The mechanical properties and elastic anisotropy of shale oil reservoirs are influenced by factors such as lithology, pore structures, and fluids. Studying the dynamic and static elastic properties is crucial for predicting geological and engineering “sweet spots” in these reservoirs. While there has been extensive research on the static properties of shale, dynamic multi-frequency elastic anisotropy remains under-explored. This study investigates the anisotropic dispersion mechanism of favorable lithofacies (lamellar dolomitic shale with vertical and horizontal bedding) in the inter-salt shale oil reservoir of the Qianjiang Formation, by using multi-frequency measurement techniques including low-frequency stress-strain and high-frequency ultrasonic tests.
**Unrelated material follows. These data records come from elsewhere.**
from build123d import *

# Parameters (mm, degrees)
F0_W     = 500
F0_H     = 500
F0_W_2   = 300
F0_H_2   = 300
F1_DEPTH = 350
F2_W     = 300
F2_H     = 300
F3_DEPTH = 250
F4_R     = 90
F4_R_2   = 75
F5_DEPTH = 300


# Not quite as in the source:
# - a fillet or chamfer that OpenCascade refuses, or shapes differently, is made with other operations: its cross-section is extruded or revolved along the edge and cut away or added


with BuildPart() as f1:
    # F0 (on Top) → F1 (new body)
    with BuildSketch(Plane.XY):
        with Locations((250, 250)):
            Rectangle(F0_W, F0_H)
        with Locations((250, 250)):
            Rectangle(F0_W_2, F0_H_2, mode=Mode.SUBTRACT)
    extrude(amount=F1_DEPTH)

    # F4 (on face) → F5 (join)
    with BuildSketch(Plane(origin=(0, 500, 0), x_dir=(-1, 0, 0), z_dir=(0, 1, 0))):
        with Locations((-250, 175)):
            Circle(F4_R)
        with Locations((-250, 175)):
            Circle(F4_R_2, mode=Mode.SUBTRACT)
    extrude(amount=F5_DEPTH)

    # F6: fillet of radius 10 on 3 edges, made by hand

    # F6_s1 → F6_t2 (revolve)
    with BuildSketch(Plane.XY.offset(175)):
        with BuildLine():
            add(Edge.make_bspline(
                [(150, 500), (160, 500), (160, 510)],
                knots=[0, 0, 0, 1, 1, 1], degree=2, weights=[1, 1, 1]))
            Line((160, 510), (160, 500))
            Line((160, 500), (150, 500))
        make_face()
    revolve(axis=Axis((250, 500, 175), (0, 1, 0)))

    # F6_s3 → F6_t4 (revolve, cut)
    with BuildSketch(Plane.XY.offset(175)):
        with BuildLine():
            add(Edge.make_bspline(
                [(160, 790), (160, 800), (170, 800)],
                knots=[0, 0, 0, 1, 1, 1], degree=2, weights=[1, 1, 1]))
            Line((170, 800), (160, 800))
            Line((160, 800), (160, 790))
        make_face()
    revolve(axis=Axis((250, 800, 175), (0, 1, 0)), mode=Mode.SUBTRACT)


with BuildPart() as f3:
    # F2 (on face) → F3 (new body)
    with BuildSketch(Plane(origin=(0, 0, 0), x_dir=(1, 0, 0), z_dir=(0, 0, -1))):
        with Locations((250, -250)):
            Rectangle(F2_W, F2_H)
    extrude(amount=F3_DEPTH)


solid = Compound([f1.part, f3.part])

Key findings include: 1) Terrestrial shale exhibited stronger elastic property dispersion than marine shale, attributed to high viscosity medium oil. Lamellar structures and interbedded fractures significantly contributed to this anisotropy; 2) Elastic property dispersion in partially oil-saturated states decreased from strong to weak with increasing frequency, likely driven by wave-induced fluid flow or intrinsic dissipation; 3) Elastic parameters measured perpendicular to bedding showed greater dispersion and pressure sensitivity than those measured parallel, with higher anisotropy and sensitivity at seismic frequencies; 4) Fluid saturation reduced pressure sensitivity of elastic parameters in the vertical direction while increasing it in the parallel direction; 5) Anisotropic Gassmann theory effectively explained P-wave velocity at low frequencies, though predictions for S- and P-wave velocities at higher frequencies were less accurate. This study provides a solid reference for understanding frequency-dependent properties of azimuthal anisotropy and offers valuable insights for seismic prediction of “sweet spots” in shale oil reservoirs.